No contexto contemporâneo de decisões automatizadas, a explicitação do prejuízo funciona como elemento de singularização do caso.
7. Reflexão Filosófica
Se imaginarmos um mundo sem lesão, ameaça ou conflito:
O Direito poderia existir formalmente.
Mas não teria função operacional.
Não haveria jurisdição.
Não haveria processo.
O Direito existe porque há vulnerabilidade humana.
Sem vulnerabilidade, a normatividade seria ornamental.
8. Conclusão
A tese da centralidade do prejuízo:
Não nega a norma.
Não destrói a teoria clássica.
Reordena o eixo argumentativo.
Fortalece a dimensão humana da jurisdição.

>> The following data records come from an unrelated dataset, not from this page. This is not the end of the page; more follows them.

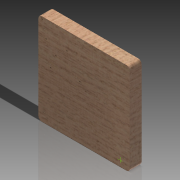
# Autodesk Inventor part: Boden
Saved by Autodesk Inventor 2014 SP1 (Build 180222100, 222)
## iProperties
Created: 2017-12-30
Part Number: Boden
Material: Eiche, weiß
Document SubType Name: Modeling
Designer: Flo
Density: 0.721 g/cm^3
Appearance: Weißeiche - massiv - natur - mittlerer Glanz
Author: Flo
Autodesk Inventor part; units mm, degrees
ref_plane "YZ Plane" through (0, 0, 0) normal (1, 0, 0) x (0, 1, 0)
ref_plane "XZ Plane" through (0, 0, 0) normal (0, 1, 0) x (-1, 0, 0)
ref_plane "XY Plane" through (0, 0, 0) normal (0, 0, 1) x (1, 0, 0)
sketch "Skizze1" plane through (0, 0, 0) normal (0, 1, 0) x (-1, 0, 0)
  line L0 (0, 0) -> (140, 0)
  line L1 (140, 0) -> (140, 140)
  line L2 (140, 140) -> (0, 140)
  line L3 (0, 140) -> (0, 0)
  dimension "d0" = 140
  dimension "d1" = 140
  constraints: 8 end point, 2 parallel, 1 horizontal, 1 perpendicular
  measures "d0" distance of L2.end L1.end
  measures "d1" distance of L1.end L0.end
extrude "Extrusion1" add sketch "Skizze1" along normal blind 18
sketch "Skizze2" plane through (0, 18, 0) normal (0, 1, 0) x (1, 0, 0)
  line L0 (0, 0) -> (-140, 0) projected
  line L1 (-140, 0) -> (-140, -140) projected
  line L2 (-140, -140) -> (0, -140) projected
  line L3 (0, -140) -> (0, 0) projected
  point P0 (-131, -15)
  point P1 (-131, -125)
  point P2 (-9, -15)
  point P3 (-9, -125)
  dimension "d4" = 15
  dimension "d5" = 15
  dimension "d6" = 15
  dimension "d7" = 15
  dimension "d8" = 9
  dimension "d9" = 9
  dimension "d10" = 9
  dimension "d11" = 9
  measures "d4" distance from line of point (-131, -15) L0
  measures "d5" distance from line of L0 point (-9, -15)
  measures "d6" distance from line of L2 point (-131, -125)
  measures "d7" distance from line of L2 point (-9, -125)
  measures "d8" distance from line of L3 point (-9, -125)
  measures "d9" distance from line of L3 point (-9, -15)
  measures "d10" distance from line of L1 point (-131, -15)
  measures "d11" distance from line of L1 point (-131, -125)
hole "Bohrung1" at (-131, 18, 15) at (-131, 18, 125) at (-9, 18, 15) at (-9, 18, 125) direction (0, -1, 0) diameter 2 end through all countersink diameter 5 countersink angle 90
fillet "Rundung1" radius 5 4 edges at (-140, 9, 0) (-140, 9, 140) (0, 9, 140) (0, 9, 0)
sketch "Skizze3" plane through (0, 0, 0) normal (0, -1, 0) x (1, 0, 0)
  point P0 (-15, 9)
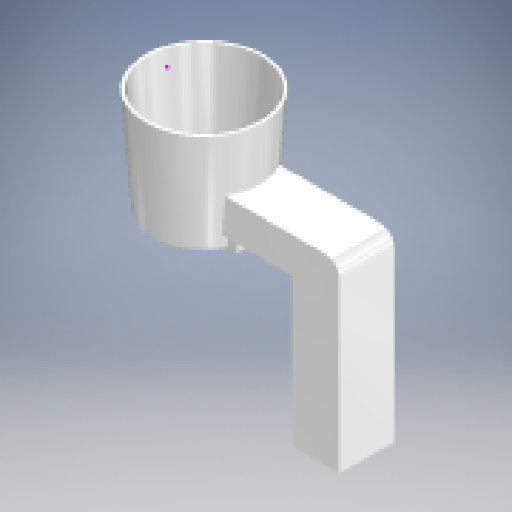
# Autodesk Inventor part: Part3
Saved by Autodesk Inventor 2025.3 (Build 293356000, 356)
## iProperties
Created: 2026-03-06
Part Number: Part3
Material: ABS Plastic
Document SubType Name: Modeling
Designer: Youssef Makhlouf
Density: 1.06 g/cm^3
Appearance: Smooth - White
Author: Youssef Makhlouf
Autodesk Inventor part; units mm, degrees
ref_plane "Work Plane6" through (0, 70, 0) normal (0, 1, 0) x (1, 0, 0)
sketch "Sketch3" plane through (0, 70, 0) normal (0, 1, 0) x (1, 0, 0)
  point P0 (0, 0)
sketch "Sketch5" plane through (0, 0, 0) normal (0, 0, 1) x (1, 0, 0)
  point P0 (0, 0)
ref_plane "Work Plane1" through (120, 0, 0) normal (1, 0, 0) x (0, 1, 0)
sketch "Sketch10" plane through (120, 0, 0) normal (1, 0, 0) x (0, 1, 0)
  line L0 (0, -50) -> (0, 50) projected
  line L1 (0, 15.95) -> (29.7, 15.95)
  line L2 (29.7, 15.95) -> (29.7, -15.95)
  line L3 (29.7, -15.95) -> (0, -15.95)
  line L4 (0, -15.95) -> (0, 15.95)
  line L5 (-14.3752, 0) -> (84.0625, 0) projected
  point P0 (0, 0)
  dimension "d23" = 31.9
  dimension "d24" = 29.7
  constraints: 8 end point, 2 parallel, 1 horizontal, 1 perpendicular, 1 point on line, 1 other
  measures "d23" distance of L1.end L2.end
  measures "d24" distance of L2.end L3.end
extrude "Extrusion6" [suppressed]
ref_plane "Work Plane11" through (0, 0, 0) normal (0, -1, 0) x (1, 0, 0)
sketch "Sketch11" plane through (0, 0, 0) normal (0, -1, 0) x (1, 0, 0)
  circle A0 centre (0, 0) radius 48
  constraints: 1 centre point, 1 coincident
extrude "Extrusion7" [suppressed]
ref_plane "Work Plane10" through (0, 0, 0) normal (0, -1, 0) x (1, 0, 0)
sketch "Sketch12" plane through (0, 0, 0) normal (0, -1, 0) x (1, 0, 0)
  point P0 (0, 0)
extrude "Extrusion8" add sketch "Sketch10" against normal blind 75
ref_plane "Work Plane14" through (0, 0, 0) normal (0, -1, 0) x (1, 0, 0)
sketch "Sketch13" plane through (0, 0, 0) normal (0, -1, 0) x (1, 0, 0)
  circle A0 centre (0, 0) radius 48
  constraints: 1 centre point, 1 coincident
extrude "Extrusion9" cut sketch "Sketch13" against normal blind 75 draft 25
ref_plane "Work Plane13" through (0, 0, 0) normal (0, -1, 0) x (1, 0, 0)
sketch "Sketch14" plane through (0, 0, 0) normal (0, -1, 0) x (1, 0, 0)
  line L0 (74.8, -11.25) -> (63, -11.25)
  line L1 (63, -11.25) -> (63, 11.25)
  line L2 (63, 11.25) -> (74.8, 11.25)
  line L3 (74.8, 11.25) -> (74.8, -11.25)
  line L4 (-123.1698, 0) -> (160.5283, 0) projected
  arc A0 (47.3877, 15.95) -> (47.3877, -15.95) centre (0, 0) ccw projected
  point P0 (63, 0)
  point P1 (74.8, 0)
  dimension "d33" = 11.8
  dimension "d34" = 22.5
  dimension "d35" = 63
  constraints: 8 end point, 2 parallel, 1 horizontal, 1 perpendicular, 1 other
  measures "d33" distance of L1.end L2.end
  measures "d34" distance of L0.end L1.end
  measures "d35" distance from line of A0.centre L1
extrude "Extrusion10" cut sketch "Sketch14" against normal blind 26.7
ref_plane "Work Plane12" through (0, 0, 0) normal (0, -1, 0) x (1, 0, 0)
sketch "Sketch15" plane through (0, 0, 0) normal (0, -1, 0) x (1, 0, 0)
  line L0 (120, 15.95) -> (47.3877, 15.95) projected
  line L1 (120, -15.95) -> (47.3877, -15.95) projected
  line L2 (78.8, 15.95) -> (120, 15.95)
  line L3 (120, 15.95) -> (120, -15.95)
  line L4 (120, -15.95) -> (78.8, -15.95)
  line L5 (78.8, -15.95) -> (78.8, 15.95)
  line L6 (74.8, 11.25) -> (74.8, -11.25) projected
  point P0 (0, 0)
  dimension "d38" = 4
  constraints: 8 end point, 2 parallel, 1 horizontal, 1 perpendicular, 1 point on line
  measures "d38" distance between parallel lines of L6 L5
extrude "Extrusion11" cut sketch "Sketch15" against normal blind 50
ref_plane "Work Plane21" through (78.8, 0, -15.95) normal (0, 0, -1) x (-1, 0, 0)
sketch "Sketch16" plane through (78.8, 0, -15.95) normal (0, 0, -1) x (-1, 0, 0)
  line L0 (15.8, 0) -> (15.8, 26.7) projected
  line L1 (0, 0) -> (31.4123, 0) projected
  line L2 (4, 0) -> (4, 26.7) projected
  line L3 (4, 26.7) -> (15.8, 26.7) projected
  line L4 (4, 0) -> (4, 8.3)
  line L5 (4, 8.3) -> (15.8, 8.3)
  line L6 (15.8, 0) -> (4, 0)
  point P0 (78.8, 0)
  dimension "d41" = 8.3
  constraints: 6 end point, 2 point on line, 1 parallel, 1 perpendicular
  measures "d41" distance of L2.start L4.end
extrude "Extrusion12" cut sketch "Sketch16" against normal blind 50 contours L1 L2 L5 L0
sketch "Sketch17" plane through (74.8, 26.7, 11.25) normal (0, 0, -1) x (-1, 0, 0)
  point P0 (74.8, -26.7)
ref_plane "Work Plane20" through (78.8, 0, 15.95) normal (1, 0, 0) x (0, 0, -1)
sketch "Sketch18" plane through (78.8, 0, 15.95) normal (1, 0, 0) x (0, 0, -1)
  line L0 (27.2, 8.3) -> (27.2, 26.7) projected
  line L1 (4.7, 8.3) -> (4.7, 26.7) projected
  line L2 (4.7, 26.7) -> (27.2, 26.7) projected
  point P0 (15.95, 0)
ref_plane "Work Plane16" through (0, 26.7, 0) normal (0, -1, 0) x (1, 0, 0)
sketch "Sketch19" plane through (0, 26.7, 0) normal (0, -1, 0) x (1, 0, 0)
  line L0 (63, -11.25) -> (74.8, -11.25) projected
  line L1 (63, -15.95) -> (63, 15.95) projected
  line L2 (74.8, -11.25) -> (63, -11.25)
  line L3 (63, -11.25) -> (63, 11.2688)
  line L4 (63, 11.2688) -> (74.8, 11.2688)
  line L5 (74.8, 11.2688) -> (74.8, -11.25)
  point P0 (0, 0)
  constraints: 8 end point, 2 parallel, 1 horizontal, 1 perpendicular, 1 point on line
extrude "Extrusion13" add sketch "Sketch19" along normal blind 2.5
sketch "Sketch20" plane through (74.8, 8.3, 11.25) normal (0, 0, -1) x (-1, 0, 0)
  line L0 (0, -8.3) -> (0, 0) projected
  line L1 (0, 0) -> (11.8, 0) projected
  line L2 (11.8, 0) -> (11.8, -8.3) projected
  line L3 (-4, -8.3) -> (0, -8.3) projected
  line L4 (-4, 21.4) -> (12.975, 21.4) projected
  line L5 (-4, 21.4) -> (-4, -8.3) projected
  line L6 (11.8, -8.3) -> (27.4123, -8.3) projected
  point P0 (74.8, -8.3)
  constraints: 1 other
ref_plane "Work Plane15" through (63, 0, -15.95) normal (0, 0, -1) x (-1, 0, 0)
sketch "Sketch21" plane through (63, 0, -15.95) normal (0, 0, -1) x (-1, 0, 0)
  line L0 (0, 8.3) -> (0, 24.2) projected
  line L1 (-11.8, 8.3) -> (0, 8.3)
  line L2 (0, 8.3) -> (0, 10.8)
  line L3 (0, 10.8) -> (-11.8, 10.8)
  line L4 (-11.8, 10.8) -> (-11.8, 8.3)
  point P0 (63, 0)
  point P1 (0, 8.3)
  dimension "d46" = 2.5
  constraints: 8 end point, 2 parallel, 1 horizontal, 1 perpendicular, 1 point on line
  measures "d46" distance of L2.end L1.end
extrude "Extrusion14" cut sketch "Sketch21" against normal blind 50
sketch "Sketch22" plane through (0, 24.2, 0) normal (0, -1, 0) x (1, 0, 0)
  point P0 (0, 0)
ref_plane "Work Plane22" through (0, 24.2, 0) normal (0, -1, 0) x (1, 0, 0)
sketch "Sketch23" plane through (0, 24.2, 0) normal (0, -1, 0) x (1, 0, 0)
  line L0 (74.8, 11.25) -> (74.8, -11.25) projected
  line L1 (63, -11.25) -> (63, 11.25) projected
  line L2 (74.8, -11.25) -> (63, -11.25)
  line L3 (63, -11.25) -> (63, 11.25)
  line L4 (63, 11.25) -> (74.8, 11.25)
  line L5 (74.8, 11.25) -> (74.8, -11.25)
  point P0 (0, 0)
  constraints: 8 end point, 2 parallel, 1 horizontal, 1 perpendicular
extrude "Extrusion15" cut sketch "Sketch23" against normal blind 2.5
ref_plane "Work Plane5" through (0, 0, 0) normal (0, -1, 0) x (1, 0, 0)
sketch "Sketch24" plane through (0, 0, 0) normal (0, -1, 0) x (1, 0, 0)
  point P0 (0, 0)
ref_plane "Work Plane8" through (0, 0, 0) normal (0, -1, 0) x (1, 0, 0)
sketch "Sketch25" plane through (0, 0, 0) normal (0, -1, 0) x (1, 0, 0)
  circle A0 centre (0, 0) radius 50
  dimension "d51" = 100
  constraints: 1 centre point, 1 coincident
  measures "d51" diameter of A0
extrude "Extrusion16" cut sketch "Sketch25" against normal blind 100 draft 25
ref_plane "Work Plane4" through (0, 0, 0) normal (0, -1, 0) x (1, 0, 0)
sketch "Sketch26" plane through (0, 0, 0) normal (0, -1, 0) x (1, 0, 0)
  point P0 (0, 0)
ref_plane "Work Plane19" through (78.8, 29.7, 15.95) normal (0, 1, 0) x (1, 0, 0)
ref_plane "Work Plane7" through (0, 0, 0) normal (0, -1, 0) x (1, 0, 0)
sketch "Sketch28" plane through (0, 0, 0) normal (0, -1, 0) x (1, 0, 0)
  circle A0 centre (19.8239, 0) radius 35
  line L0 (-39.883, 0) -> (98.5805, 0) projected
  point P0 (0, 0)
  point P1 (51.0715, 15.7666)
  dimension "d55" = 70
  constraints: 1 point on line, 3 other
ref_plane "Work Plane24" through (0, 0, 0) normal (0, -1, 0) x (1, 0, 0)
sketch "Sketch29" plane through (0, 0, 0) normal (0, -1, 0) x (1, 0, 0)
  arc A0 (47.3877, -15.95) -> (49.7159, -5.3226) centre (0, 0) ccw projected
  line L0 (63, -15.95) -> (47.3877, -15.95) projected
  line L1 (63, -15.95) -> (63, 15.95) projected
  line L2 (63, 15.95) -> (47.3877, 15.95) projected
  arc A1 (49.7159, 5.3226) -> (47.3877, 15.95) centre (0, 0) ccw projected
  arc A2 (49.7159, 5.3226) -> (49.7159, -5.3226) centre (15.123, 0) ccw projected
  circle A3 centre (15.123, 0) radius 33
  dimension "d59" = 66
  constraints: 1 centre point, 1 coincident
  measures "d59" diameter of A3
extrude "Extrusion18" cut sketch "Sketch29" against normal blind 70 draft 25 contours A3
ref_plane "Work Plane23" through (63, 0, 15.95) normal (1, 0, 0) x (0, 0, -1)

Sua força reside na delimitação correta:
prejuízo como pressuposto do Direito concreto e funcional.Negar que o prejuízo seja pressuposto da jurisdição concreta é retirar do Direito sua razão operacional. A norma pode existir formalmente; mas, sem a presença de lesão ou ameaça que a ative, ela se converte em mera arquitetura simbólica. Eu, Fabrício von Beaufort-Spontin, ainda, afirmo que um Direito sem prejuízo que o convoque equivale a um extintor de incêndio em um mundo sem fogo.